Perhaps because of my interest in narrative nonfiction, I wanted to see what I could do with this format. Writing it was an interesting experience. It didn’t really come together until I was able to acknowledge that I have struggled with faith. From there it turned into a little testimony to Mom, which pleases me to no end.

My humble offering to the ongoing discussion, I hope you like it…

Piggyback Belief

I have always lacked faith, believing instead in life’s shrewd certainties. When I went to the Bronx for in-patient drug treatment, I felt my chances were slim. I had been using heroin for ten years in my small hometown in Pennsylvania, and New York City seemed like exactly the wrong place to kick a heroin habit. But I found a challenge and urgency in the Bronx that pulled me through treatment.
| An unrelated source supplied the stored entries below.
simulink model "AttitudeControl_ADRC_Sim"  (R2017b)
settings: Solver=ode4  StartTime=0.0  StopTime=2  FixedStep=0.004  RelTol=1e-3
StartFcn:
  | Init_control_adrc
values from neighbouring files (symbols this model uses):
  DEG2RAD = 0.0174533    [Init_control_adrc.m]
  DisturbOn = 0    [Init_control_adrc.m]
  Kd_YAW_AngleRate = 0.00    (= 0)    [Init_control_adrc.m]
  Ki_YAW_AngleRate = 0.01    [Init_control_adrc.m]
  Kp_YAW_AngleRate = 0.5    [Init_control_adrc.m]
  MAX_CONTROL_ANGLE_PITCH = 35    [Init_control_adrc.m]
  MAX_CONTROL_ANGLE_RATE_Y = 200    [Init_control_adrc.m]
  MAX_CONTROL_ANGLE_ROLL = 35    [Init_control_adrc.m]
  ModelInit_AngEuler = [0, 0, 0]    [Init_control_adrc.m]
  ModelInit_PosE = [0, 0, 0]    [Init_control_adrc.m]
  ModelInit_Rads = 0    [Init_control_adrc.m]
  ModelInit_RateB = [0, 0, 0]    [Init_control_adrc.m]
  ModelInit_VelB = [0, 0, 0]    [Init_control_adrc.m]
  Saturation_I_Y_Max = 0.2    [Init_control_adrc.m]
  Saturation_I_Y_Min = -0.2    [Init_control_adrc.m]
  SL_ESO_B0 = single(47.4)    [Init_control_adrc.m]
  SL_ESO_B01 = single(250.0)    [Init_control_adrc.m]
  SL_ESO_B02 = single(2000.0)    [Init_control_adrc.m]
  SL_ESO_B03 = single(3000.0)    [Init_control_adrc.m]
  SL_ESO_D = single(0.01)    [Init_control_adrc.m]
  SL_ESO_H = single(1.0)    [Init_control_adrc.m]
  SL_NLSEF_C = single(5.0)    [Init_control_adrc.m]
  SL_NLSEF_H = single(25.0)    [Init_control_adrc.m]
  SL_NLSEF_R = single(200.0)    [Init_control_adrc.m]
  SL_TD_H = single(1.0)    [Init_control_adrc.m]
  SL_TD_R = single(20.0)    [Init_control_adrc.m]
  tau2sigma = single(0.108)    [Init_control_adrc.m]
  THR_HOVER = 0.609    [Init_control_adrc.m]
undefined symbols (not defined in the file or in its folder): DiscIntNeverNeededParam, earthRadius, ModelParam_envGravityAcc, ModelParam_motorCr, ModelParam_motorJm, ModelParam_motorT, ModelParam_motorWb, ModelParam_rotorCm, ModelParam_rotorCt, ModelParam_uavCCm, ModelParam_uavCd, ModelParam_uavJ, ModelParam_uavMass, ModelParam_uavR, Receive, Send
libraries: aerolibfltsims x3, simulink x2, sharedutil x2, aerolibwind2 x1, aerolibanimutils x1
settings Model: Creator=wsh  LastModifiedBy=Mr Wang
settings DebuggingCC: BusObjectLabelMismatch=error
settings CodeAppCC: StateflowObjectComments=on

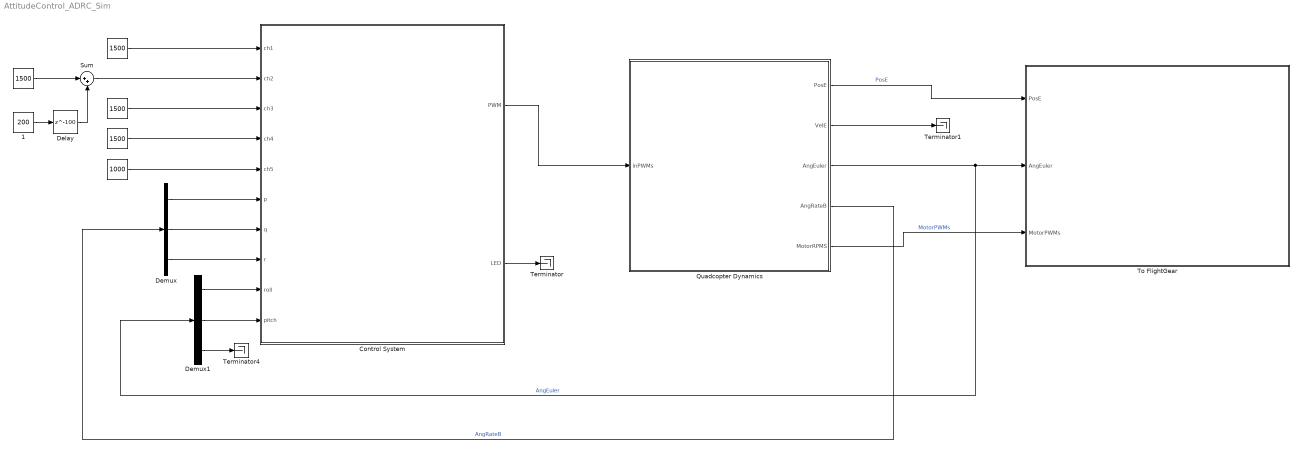
== system AttitudeControl_ADRC_Sim ==
  " " : Constant  Value=1000  OutDataTypeStr=uint16
  "  " : Constant  Value=1500  OutDataTypeStr=uint16
  "   " : Constant  Value=1500  OutDataTypeStr=uint16
  "      " : Constant  Value=1500  OutDataTypeStr=uint16
  "          " : Constant  Value=1500  OutDataTypeStr=uint16
  "  1" : Constant  Value=200  OutDataTypeStr=uint16
  Control System : Subsystem
      mask Display: image('icon\pixhawk.png');
  Delay : Delay  DelayLength=100  InitialCondition=0
  Demux : Demux  Outputs=3
  Demux1 : Demux  Outputs=3
  Quadcopter Dynamics : Subsystem
      mask Display: image('./icon/F450.png');
  Sum : Sum  Inputs=|++
  Terminator : Terminator
  Terminator1 : Terminator
  Terminator4 : Terminator
  To FlightGear : Subsystem
      mask Display: image('./icon/FlightGear.png');
  wires:
  Quadcopter Dynamics/1(PosE) -> To FlightGear/1(PosE)  "PosE"
  Quadcopter Dynamics/5(MotorRPMS) -> To FlightGear/3(MotorPWMs)  "MotorPWMs"
  Control System/2(LED) -> Terminator/1
  Quadcopter Dynamics/3(AngEuler) -> Demux1/1, To FlightGear/2(AngEuler)  "AngEuler"
  Quadcopter Dynamics/4(AngRateB) -> Demux/1  "AngRateB"
  Demux/1 -> Control System/6(p)
  Demux/2 -> Control System/7(q)
  Demux/3 -> Control System/8(r)
  Demux1/1 -> Control System/9(roll)
  Demux1/2 -> Control System/10(pitch)
  Demux1/3 -> Terminator4/1
  Quadcopter Dynamics/2(VelE) -> Terminator1/1
  Control System/1(PWM) -> Quadcopter Dynamics/1(inPWMs)
  Delay/1 -> Sum/2
  "  1"/1 -> Delay/1
  "  "/1 -> Sum/1
  " "/1 -> Control System/5(ch5)
  "      "/1 -> Control System/3(ch3)
  "          "/1 -> Control System/4(ch4)
  "   "/1 -> Control System/1(ch1)
  Sum/1 -> Control System/2(ch2)

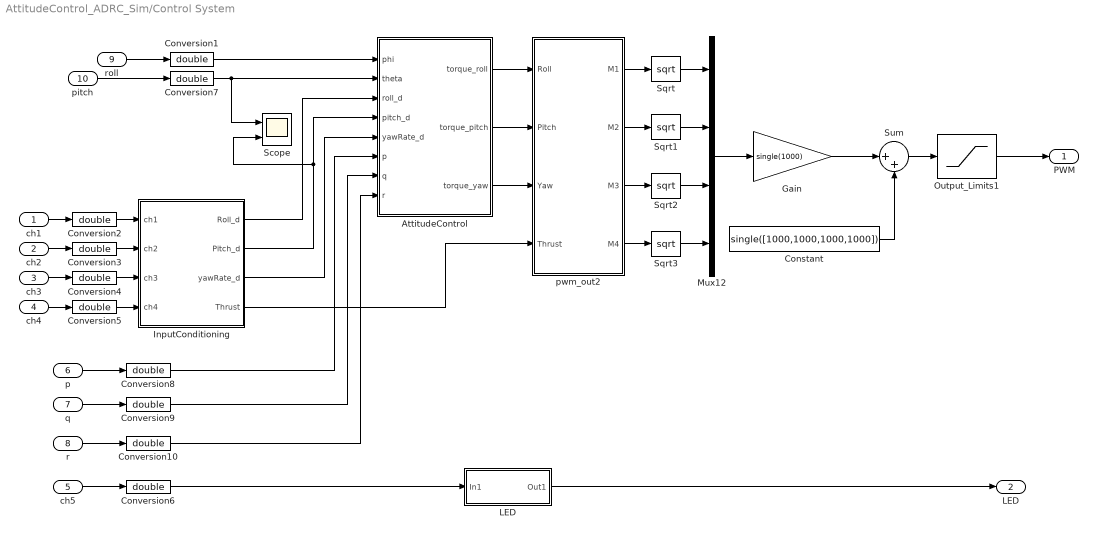
== system AttitudeControl_ADRC_Sim/Control System ==
  ch1 : Inport  OutDataTypeStr=uint16  PortDimensions=1
  ch2 : Inport  Port=2  OutDataTypeStr=uint16  PortDimensions=1
  ch3 : Inport  Port=3  OutDataTypeStr=uint16  PortDimensions=1
  ch4 : Inport  Port=4  OutDataTypeStr=uint16  PortDimensions=1
  ch5 : Inport  Port=5  OutDataTypeStr=uint16  PortDimensions=1  Interpolate=off
  p : Inport  Port=6  PortDimensions=1
  q : Inport  Port=7  PortDimensions=1
  r : Inport  Port=8  PortDimensions=1
  roll : Inport  Port=9  PortDimensions=1
  pitch : Inport  Port=10  PortDimensions=1
  AttitudeControl : Subsystem
  Constant : Constant  Value=single([1000,1000,1000,1000])
  Conversion{1..10} (10 alike) : DataTypeConversion  OutDataTypeStr=double
  Gain : Gain  Gain=single(1000)
  InputConditioning : Subsystem
  "LED " : Subsystem
  Mux12 : Mux
  Output_Limits1 : Saturate  Priority=2  UpperLimit=2000  LowerLimit=1000
  Scope : Scope  NumInputPorts=2
  Sqrt{,1..3} (4 alike) : Sqrt  SaturateOnIntegerOverflow=on
  Sum : Sum  Inputs=|++
  pwm_out2 : MATLAB Function  SystemSampleTime=0.004
  PWM : Outport
  LED : Outport  Port=2  PortDimensions=1
  wires:
  Mux12/1 -> Gain/1
  AttitudeControl/2(torque_pitch) -> pwm_out2/2(Pitch)
  AttitudeControl/1(torque_roll) -> pwm_out2/1(Roll)
  ch3/1 -> Conversion4/1
  ch5/1 -> Conversion6/1
  pwm_out2/3(M3) -> Sqrt2/1
  pwm_out2/2(M2) -> Sqrt1/1
  r/1 -> Conversion10/1
  AttitudeControl/3(torque_yaw) -> pwm_out2/3(Yaw)
  q/1 -> Conversion9/1
  InputConditioning/3(yawRate_d) -> AttitudeControl/5(yawRate_d)
  p/1 -> Conversion8/1
  ch4/1 -> Conversion5/1
  pwm_out2/4(M4) -> Sqrt3/1
  "LED "/1(Out1) -> LED/1
  Conversion6/1 -> "LED "/1(In1)
  Conversion5/1 -> InputConditioning/4(ch4)
  Conversion4/1 -> InputConditioning/3(ch3)
  pitch/1 -> Conversion7/1
  roll/1 -> Conversion1/1
  ch1/1 -> Conversion2/1
  ch2/1 -> Conversion3/1
  Conversion1/1 -> AttitudeControl/1(phi)
  Conversion7/1 -> AttitudeControl/2(theta), Scope/1
  Conversion8/1 -> AttitudeControl/6(p)
  Conversion9/1 -> AttitudeControl/7(q)
  Conversion10/1 -> AttitudeControl/8(r)
  InputConditioning/4(Thrust) -> pwm_out2/4(Thrust)
  Conversion2/1 -> InputConditioning/1("ch1 ")
  Conversion3/1 -> InputConditioning/2(ch2)
  InputConditioning/1(Roll_d) -> AttitudeControl/3(roll_d)
  InputConditioning/2(Pitch_d) -> Scope/2, AttitudeControl/4(pitch_d)
  pwm_out2/1(M1) -> Sqrt/1
  Sqrt/1 -> Mux12/1
  Sqrt1/1 -> Mux12/2
  Sqrt2/1 -> Mux12/3
  Sqrt3/1 -> Mux12/4
  Gain/1 -> Sum/1
  Constant/1 -> Sum/2
  Sum/1 -> Output_Limits1/1
  Output_Limits1/1 -> PWM/1

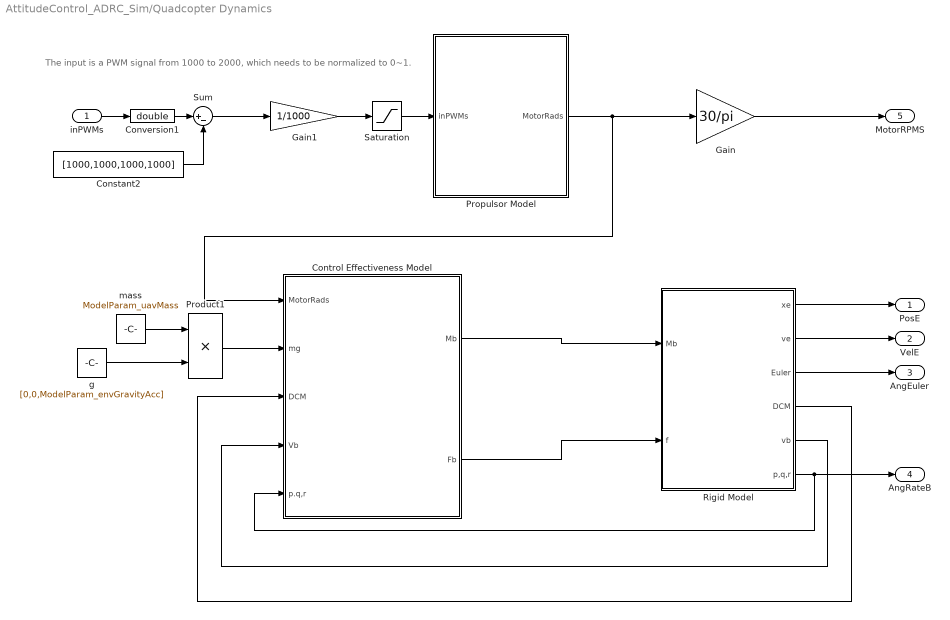
== system AttitudeControl_ADRC_Sim/Quadcopter Dynamics ==
  note: The input is a PWM signal from 1000 to 2000,
      | which needs to be normalized to 0~1.
  inPWMs : Inport
  Constant2 : Constant  Value=[1000,1000,1000,1000]
  Control Effectiveness Model : Subsystem
  Conversion1 : DataTypeConversion  OutDataTypeStr=double
  Gain : Gain  Gain=30/pi
  Gain1 : Gain  Gain=1/1000
  Product1 : Product
  Propulsor Model : Subsystem
  Rigid Model : Subsystem
  Saturation : Saturate  UpperLimit=1  LowerLimit=0
  Sum : Sum  Inputs=|+-
  g : Constant  Value=[0,0,ModelParam_envGravityAcc]
  mass : Constant  Value=ModelParam_uavMass
  PosE : Outport
  VelE : Outport  Port=2
  AngEuler : Outport  Port=3
  AngRateB : Outport  Port=4
  MotorRPMS : Outport  Port=5
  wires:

Despite my success, I didn’t think I would last long outside treatment. I didn’t want to feel ambivalent, but I was trying to be realistic: I had no family ties to New York City, no job skills, and no education.

I got assigned an AA sponsor, who I eventually went to meet at a busy downtown diner in Manhattan. I told him what I was thinking. Wiping fried chicken from his fingers and mouth, he leaned forward. “Do you believe that I believe you can stay sober?” As soon as he said it, he waved his hand in my face and added, “Now listen here! I’m not asking if you believe any of this. I’m asking, if you believe that I believe it.” He jerked his thumb into his chest.